I saved the the live playing movie in QuickTime player as "tivo.mov". (It was essentially just a reference to the
streaming movie.) But Bandwidth was an issue (I only have 384Kbps outgoing on my cable modem) that only allowed
for 10 FPS at 320x240; it was a clear enough image to read the news ticker on CNN. You can see in the screenpic I was
only using 247kbits out of 284kbits of available bandwidth. Using it inside my home wireless 802.11g WLAN I could do
some really nice full screen hi-res video by turning up the bandwidth. I could in theory now just carry around my
laptop and watch TV. I also experimented with 3 FPS, smaller video size, in order to keep the bandwidth under
128Kbps so I could watch live TV in my car via a SprintPCS PC card (it worked very nicely). Now if only I could use the
new H.264 codec Apple is integrating into new versions of iChat AV, it would have excellent video quality. (It is only
a preview version in the Developer version of Tiger and can't be used by Quicktime brodcaster as yet.)
I embedded the project into my web page with the remote control. Now I could watch my TiVo, and control it via my buttons to different ftp:// links on my server to play the audio files out on the IR transmitter to my TiVo.
Now I know that looks a little close...but I had to. I didn't have a good way of mounting the iPaq discretely in my
living room, and with 50 feet of non-shielded audio cable running to it, the signal was getting pretty weak.
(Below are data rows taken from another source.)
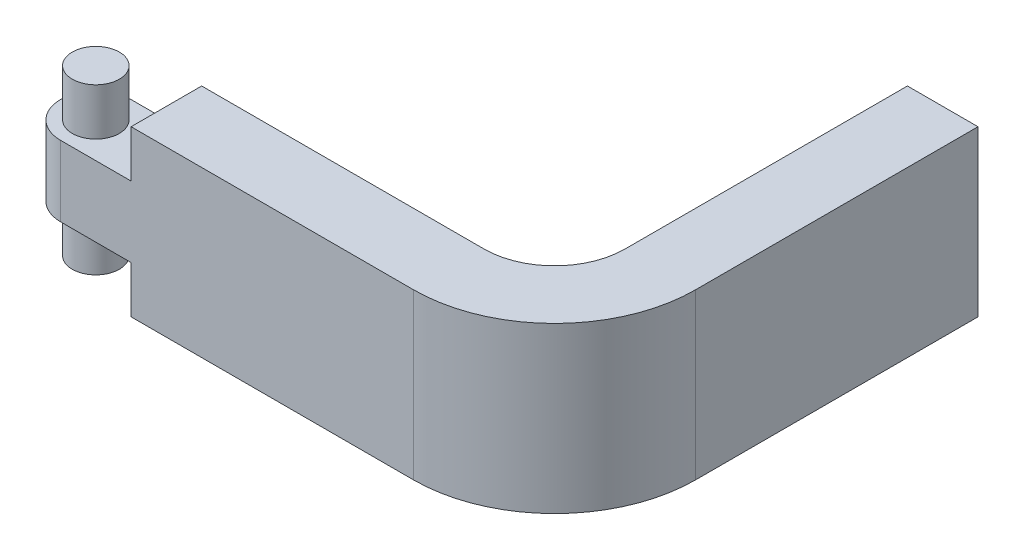
SolidWorks part; units mm, degrees
ref_plane "前视基准面" through (0, 0, 0) normal (0, 0, 1) x (1, 0, 0)
ref_plane "上视基准面" through (0, 0, 0) normal (0, 1, 0) x (1, 0, 0)
ref_plane "右视基准面" through (0, 0, 0) normal (1, 0, 0) x (0, 0, -1)
sketch "草图1" plane through (0, 0, 0) normal (0, 1, 0) x (1, 0, 0)
  line L0 (0, 0) -> (75, 0)
  line L1 (0, 15) -> (75, 15)
  line L4 (90, 30) -> (90, 90)
  line L5 (105, 30) -> (105, 90)
  line L6 (90, 90) -> (105, 90)
  arc A1 (0, 0) -> (0, 15) centre (0, 7.5) cw
  circle A3 centre (0, 7.5) radius 5
  arc A4 (75, 0) -> (105, 30) centre (75, 30) ccw
  arc A5 (75, 15) -> (90, 30) centre (75, 30) ccw
extrude "凸台-拉伸1" add sketch "草图1" along normal blind 7.5 and the other way blind 7.5
ref_plane "基准面4" through (0, 17.5, 0) normal (0, 1, 0) x (1, 0, 0)
sketch "草图2" plane through (0, 0, 0) normal (0, 1, 0) x (1, 0, 0)
  circle A0 centre (0, 7.5) radius 5
extrude "凸台-拉伸2" add sketch "草图2" against normal mid plane 35
ref_plane "基准面5" through (105, 7.5, -30) normal (0, 0, -1) x (-1, 0, 0)
sketch "草图3" plane through (0, 7.5, 0) normal (0, 1, 0) x (1, 0, 0)
  line L0 (90, 90) -> (90, 30)
  line L1 (75, 15) -> (15, 15)
  line L2 (75, 15) -> (0, 15) construction
  line L3 (15, 15) -> (15, 0)
  line L4 (0, 0) -> (75, 0) construction
  line L5 (15, 0) -> (75, 0)
  line L6 (105, 30) -> (105, 90)
  line L7 (105, 90) -> (90, 90)
  arc A0 (90, 30) -> (75, 15) centre (75, 30) cw
  arc A1 (75, 0) -> (105, 30) centre (75, 30) ccw
extrude "凸台-拉伸3" add sketch "草图3" along normal blind 10
mirror "镜向1" about plane through (0, 0, 0) normal (0, 1, 0) of "凸台-拉伸3"
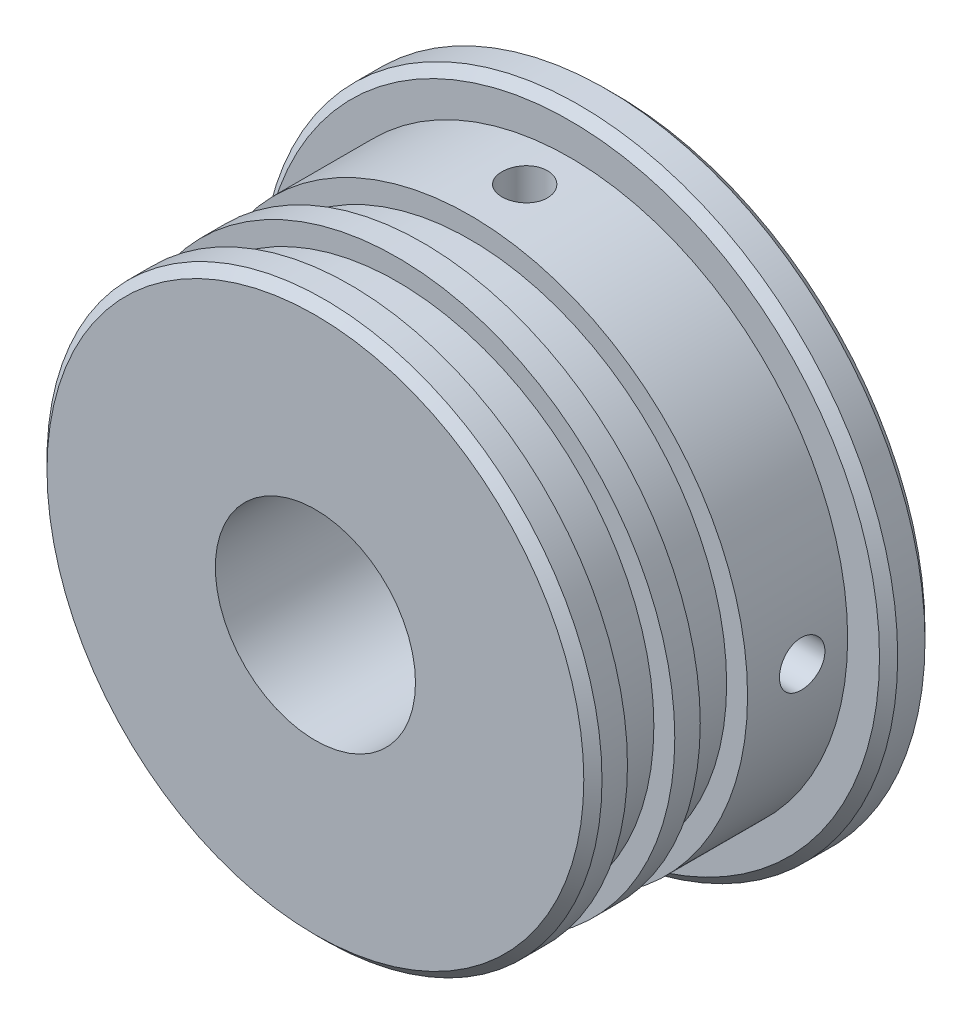
SolidWorks part; units mm, degrees
ref_plane "Спереди" through (0, 0, 0) normal (0, 0, 1) x (1, 0, 0)
ref_plane "Сверху" through (0, 0, 0) normal (0, 1, 0) x (1, 0, 0)
ref_plane "Справа" through (0, 0, 0) normal (1, 0, 0) x (0, 0, -1)
other "Configuration Table"
sketch "Эскиз1" plane through (0, 0, 0) normal (0, 0, 1) x (1, 0, 0)
  circle A0 centre (0, 0) radius 17.5
  circle A1 centre (0, 0) radius 15.25
  circle A2 centre (0, 0) radius 14.1
  circle A3 centre (0, 0) radius 5.5
  dimension "D1" = 35
  dimension "D2" = 30.5
  dimension "D3" = 28.2
  dimension "D4" = 11
extrude "Бобышка-Вытянуть1" add sketch "Эскиз1" against normal blind 2.5 contours A0 A1 | A1 A2 | A2 region at (-17.005, 0, 0) region at (-14.8187, 0, 0) region at (-13.7012, 0, 0)
extrude "Бобышка-Вытянуть2" add sketch "Эскиз1<3>" along normal blind 14 contours A1 A2 | A2 region at (-14.8187, 0, 0) region at (-13.7012, 0, 0)
sketch "Эскиз1<3>" plane through (0, 0, 0) normal (0, 0, 1) x (1, 0, 0) same geometry as "Эскиз1"
extrude "Вырез-Вытянуть1" cut sketch "Эскиз1<4>" along normal blind 2.6 from offset 5.5 contours A1 A2 region at (-14.8187, 0, 0)
sketch "Эскиз1<4>" plane through (0, 0, 0) normal (0, 0, 1) x (1, 0, 0) same geometry as "Эскиз1"
extrude "Вырез-Вытянуть2" cut sketch "Эскиз1<5>" along normal blind 2.6 from offset 9.5 contours A1 A2 region at (-14.8187, 0, 0)
sketch "Эскиз1<5>" plane through (0, 0, 0) normal (0, 0, 1) x (1, 0, 0) same geometry as "Эскиз1"
chamfer "Фаска1" distance 0.5 angle 45 3 edges at (15.25, 0, 14) (17.5, 0, 0) (17.5, 0, -2.5)
sketch "Эскиз2" plane through (0, 0, -2.5) normal (0, 0, -1) x (-1, 0, 0)
  circle A0 centre (0, 0) radius 6
  dimension "D1" = 12
extrude "Вырез-Вытянуть3" cut sketch "Эскиз2" against normal blind 2.5
sketch "Эскиз3" plane through (0, 0, 0) normal (0, 1, 0) x (1, 0, 0)
  line L0 (0, 0) -> (0, 5.0181)
  circle A0 centre (0, -2.5) radius 1.25
  dimension "D1" = 2.5
  dimension "D2" = 2.5
extrude "Вырез-Вытянуть4" cut sketch "Эскиз3" along normal blind 10 from offset 10 contours A0 region at (0, 0, 2.5)
pattern_circular "Круговой массив1" count 4 every 90 about axis through (0, 0, 0) along (0, 0, -1) of "Вырез-Вытянуть4"

So I had
to keep it very close. If you have the sound coming out of an amplified device, you will have excellent range. The
Griffin IR device is also a little directional, but the more sound volume you have, the less directional it is.
Wow...it actually worked. The only draw back is that because of the buffering for the video, it takes 10 to 15 seconds from when you hit the remote control button until you see the result on your video stream.
What does the end result look like? Well, something like this.
Thanks for reading, I hope you enjoyed it! I'm sure it will give you some new ideas to play around with.